## YOUR ASSIGNMENT:
When you transcribe the listing that follows, keep every line exact and skip any picture.

## SUPPLIED DATA:
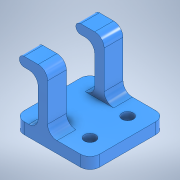
# Autodesk Inventor part: CableHook
Saved by Autodesk Inventor 2022 (Build 260153000, 153)
## iProperties
Created: 2022-02-22
Part Number: CableHook
Material: Generic
Document SubType Name: Modeling
Designer: Jorian Brusind
Density: 1 g/cm^3
Appearance: Cyan
Author: Jorian Brusind
Autodesk Inventor part; units mm, degrees
ref_plane "YZ Plane" through (0, 0, 0) normal (1, 0, 0) x (0, 1, 0)
ref_plane "XZ Plane" through (0, 0, 0) normal (0, 1, 0) x (-1, 0, 0)
ref_plane "XY Plane" through (0, 0, 0) normal (0, 0, 1) x (1, 0, 0)
sketch "Sketch1" plane through (0, 0, 0) normal (0, 1, 0) x (-1, 0, 0)
  line L0 (0, 0) -> (40, 0)
  line L1 (40, 0) -> (40, -40)
  line L2 (40, -40) -> (0, -40)
  line L3 (0, -40) -> (0, 0)
  line L4 (0, 0) -> (10, 0)
  line L5 (10, 0) -> (10, -10)
  line L6 (10, -10) -> (10, -30)
  circle A0 centre (10, -10) radius 3
  circle A1 centre (10, -30) radius 3
  dimension "d0" = 40
  dimension "d1" = 40
  dimension "d2" = 10
  dimension "d3" = 10
  dimension "d4" = 20
  dimension "d5" = 6
  dimension "d6" = 6
  constraints: 14 end point, 2 centre point, 2 coincident, 2 parallel, 2 perpendicular, 1 horizontal, 1 point on line, 1 vertical
  measures "d0" distance of L1.end L2.end
  measures "d1" distance of L0.end L1.end
  measures "d2" distance of L0.start L4.end
  measures "d3" distance of L4.end L5.end
  measures "d4" distance of L5.end L6.end
  measures "d5" diameter of A0
  measures "d6" diameter of A1
extrude "Extrusion1" add sketch "Sketch1" along normal blind 6
sketch "Sketch2" plane through (0, 6, 0) normal (0, 1, 0) x (1, 0, 0)
  line L0 (-40, 0) -> (0, 0) projected
  line L1 (-40, 0) -> (-25, 0)
  line L2 (-25, 0) -> (-25, 40)
  line L3 (0, 40) -> (-40, 40) projected
  line L4 (-25, 0) -> (-25, 5)
  line L5 (-25, 40) -> (-25, 35)
  line L6 (-22.5, 10) -> (-27.5, 10)
  line L7 (-27.5, 10) -> (-27.5, 0)
  line L8 (-27.5, 0) -> (-22.5, 0)
  line L9 (-22.5, 0) -> (-22.5, 10)
  line L10 (-22.5, 10) -> (-27.5, 0) construction
  line L11 (-27.5, 10) -> (-22.5, 0) construction
  line L12 (-22.5, 30) -> (-27.5, 30)
  line L13 (-27.5, 30) -> (-27.5, 40)
  line L14 (-27.5, 40) -> (-22.5, 40)
  line L15 (-22.5, 40) -> (-22.5, 30)
  line L16 (-22.5, 30) -> (-27.5, 40) construction
  line L17 (-27.5, 30) -> (-22.5, 40) construction
  dimension "d9" = 15
  dimension "d10" = 40
  dimension "d11" = 5
  dimension "d12" = 5
  dimension "d13" = 5
  dimension "d14" = 5
  dimension "d15" = 10
  constraints: 32 end point, 5 point on line, 4 midpoint, 4 parallel, 2 horizontal, 2 perpendicular
  measures "d9" distance of L0.start L1.end
  measures "d10" distance of L1.end L2.end
  measures "d11" distance of L1.end L4.end
  measures "d12" distance of L2.end L5.end
  measures "d13" distance of L8.end L7.end
  measures "d14" distance of L13.end L14.end
  measures "d15" distance of L12.end L13.end
extrude "Extrusion2" add sketch "Sketch2" along normal blind 30
sketch "Sketch3" plane through (-27.5, 6, -40) normal (-1, 0, 0) x (0, 0, 1)
  line L0 (40, 0) -> (40, 30) projected
  line L1 (40, 30) -> (30, 30)
  line L2 (30, 30) -> (30, 25)
  line L3 (30, 25) -> (40, 25)
  line L4 (40, 25) -> (40, 30)
  line L5 (10, 0) -> (10, 30) projected
  line L6 (10, 30) -> (0, 30)
  line L7 (0, 30) -> (0, 25)
  line L8 (0, 25) -> (10, 25)
  line L9 (10, 25) -> (10, 30)
  point P0 (40, -6)
  dimension "d18" = 10
  dimension "d19" = 5
  dimension "d20" = 10
  dimension "d21" = 5
  constraints: 16 end point, 4 parallel, 2 horizontal, 2 perpendicular
  measures "d18" distance of L3.end L2.end
  measures "d19" distance of L2.end L1.end
  measures "d20" distance of L8.end L7.end
  measures "d21" distance of L7.end L6.end
extrude "Extrusion3" add sketch "Sketch3" along normal blind 10
fillet "Fillet1" radius 5 6 edges at (-22.5, 36, -5) (-22.5, 36, -35) (-22.5, 6, -5) (-22.5, 6, -35) (-27.5, 31, -5) (-27.5, 31, -35)
fillet "Fillet2" radius 5 2 edges at (-27.5, 6, -5) (-27.5, 6, -35)
fillet "Fillet3" radius 5 4 edges at (-40, 3, -40) (-40, 3, 0) (0, 3, -40) (0, 3, 0)
fillet "Fillet4" radius 2.5 4 edges at (-37.5, 31, -5) (-37.5, 36, -5) (-37.5, 36, -35) (-37.5, 31, -35)
body "Solid1"

## REPLY TO THE EXERCISE:
# Autodesk Inventor part: CableHook
Saved by Autodesk Inventor 2022 (Build 260153000, 153)
## iProperties
Created: 2022-02-22
Part Number: CableHook
Material: Generic
Document SubType Name: Modeling
Designer: Jorian Brusind
Density: 1 g/cm^3
Appearance: Cyan
Author: Jorian Brusind
Autodesk Inventor part; units mm, degrees
ref_plane "YZ Plane" through (0, 0, 0) normal (1, 0, 0) x (0, 1, 0)
ref_plane "XZ Plane" through (0, 0, 0) normal (0, 1, 0) x (-1, 0, 0)
ref_plane "XY Plane" through (0, 0, 0) normal (0, 0, 1) x (1, 0, 0)
sketch "Sketch1" plane through (0, 0, 0) normal (0, 1, 0) x (-1, 0, 0)
  line L0 (0, 0) -> (40, 0)
  line L1 (40, 0) -> (40, -40)
  line L2 (40, -40) -> (0, -40)
  line L3 (0, -40) -> (0, 0)
  line L4 (0, 0) -> (10, 0)
  line L5 (10, 0) -> (10, -10)
  line L6 (10, -10) -> (10, -30)
  circle A0 centre (10, -10) radius 3
  circle A1 centre (10, -30) radius 3
  dimension "d0" = 40
  dimension "d1" = 40
  dimension "d2" = 10
  dimension "d3" = 10
  dimension "d4" = 20
  dimension "d5" = 6
  dimension "d6" = 6
  constraints: 14 end point, 2 centre point, 2 coincident, 2 parallel, 2 perpendicular, 1 horizontal, 1 point on line, 1 vertical
  measures "d0" distance of L1.end L2.end
  measures "d1" distance of L0.end L1.end
  measures "d2" distance of L0.start L4.end
  measures "d3" distance of L4.end L5.end
  measures "d4" distance of L5.end L6.end
  measures "d5" diameter of A0
  measures "d6" diameter of A1
extrude "Extrusion1" add sketch "Sketch1" along normal blind 6
sketch "Sketch2" plane through (0, 6, 0) normal (0, 1, 0) x (1, 0, 0)
  line L0 (-40, 0) -> (0, 0) projected
  line L1 (-40, 0) -> (-25, 0)
  line L2 (-25, 0) -> (-25, 40)
  line L3 (0, 40) -> (-40, 40) projected
  line L4 (-25, 0) -> (-25, 5)
  line L5 (-25, 40) -> (-25, 35)
  line L6 (-22.5, 10) -> (-27.5, 10)
  line L7 (-27.5, 10) -> (-27.5, 0)
  line L8 (-27.5, 0) -> (-22.5, 0)
  line L9 (-22.5, 0) -> (-22.5, 10)
  line L10 (-22.5, 10) -> (-27.5, 0) construction
  line L11 (-27.5, 10) -> (-22.5, 0) construction
  line L12 (-22.5, 30) -> (-27.5, 30)
  line L13 (-27.5, 30) -> (-27.5, 40)
  line L14 (-27.5, 40) -> (-22.5, 40)
  line L15 (-22.5, 40) -> (-22.5, 30)
  line L16 (-22.5, 30) -> (-27.5, 40) construction
  line L17 (-27.5, 30) -> (-22.5, 40) construction
  dimension "d9" = 15
  dimension "d10" = 40
  dimension "d11" = 5
  dimension "d12" = 5
  dimension "d13" = 5
  dimension "d14" = 5
  dimension "d15" = 10
  constraints: 32 end point, 5 point on line, 4 midpoint, 4 parallel, 2 horizontal, 2 perpendicular
  measures "d9" distance of L0.start L1.end
  measures "d10" distance of L1.end L2.end
  measures "d11" distance of L1.end L4.end
  measures "d12" distance of L2.end L5.end
  measures "d13" distance of L8.end L7.end
  measures "d14" distance of L13.end L14.end
  measures "d15" distance of L12.end L13.end
extrude "Extrusion2" add sketch "Sketch2" along normal blind 30
sketch "Sketch3" plane through (-27.5, 6, -40) normal (-1, 0, 0) x (0, 0, 1)
  line L0 (40, 0) -> (40, 30) projected
  line L1 (40, 30) -> (30, 30)
  line L2 (30, 30) -> (30, 25)
  line L3 (30, 25) -> (40, 25)
  line L4 (40, 25) -> (40, 30)
  line L5 (10, 0) -> (10, 30) projected
  line L6 (10, 30) -> (0, 30)
  line L7 (0, 30) -> (0, 25)
  line L8 (0, 25) -> (10, 25)
  line L9 (10, 25) -> (10, 30)
  point P0 (40, -6)
  dimension "d18" = 10
  dimension "d19" = 5
  dimension "d20" = 10
  dimension "d21" = 5
  constraints: 16 end point, 4 parallel, 2 horizontal, 2 perpendicular
  measures "d18" distance of L3.end L2.end
  measures "d19" distance of L2.end L1.end
  measures "d20" distance of L8.end L7.end
  measures "d21" distance of L7.end L6.end
extrude "Extrusion3" add sketch "Sketch3" along normal blind 10
fillet "Fillet1" radius 5 6 edges at (-22.5, 36, -5) (-22.5, 36, -35) (-22.5, 6, -5) (-22.5, 6, -35) (-27.5, 31, -5) (-27.5, 31, -35)
fillet "Fillet2" radius 5 2 edges at (-27.5, 6, -5) (-27.5, 6, -35)
fillet "Fillet3" radius 5 4 edges at (-40, 3, -40) (-40, 3, 0) (0, 3, -40) (0, 3, 0)
fillet "Fillet4" radius 2.5 4 edges at (-37.5, 31, -5) (-37.5, 36, -5) (-37.5, 36, -35) (-37.5, 31, -35)
body "Solid1"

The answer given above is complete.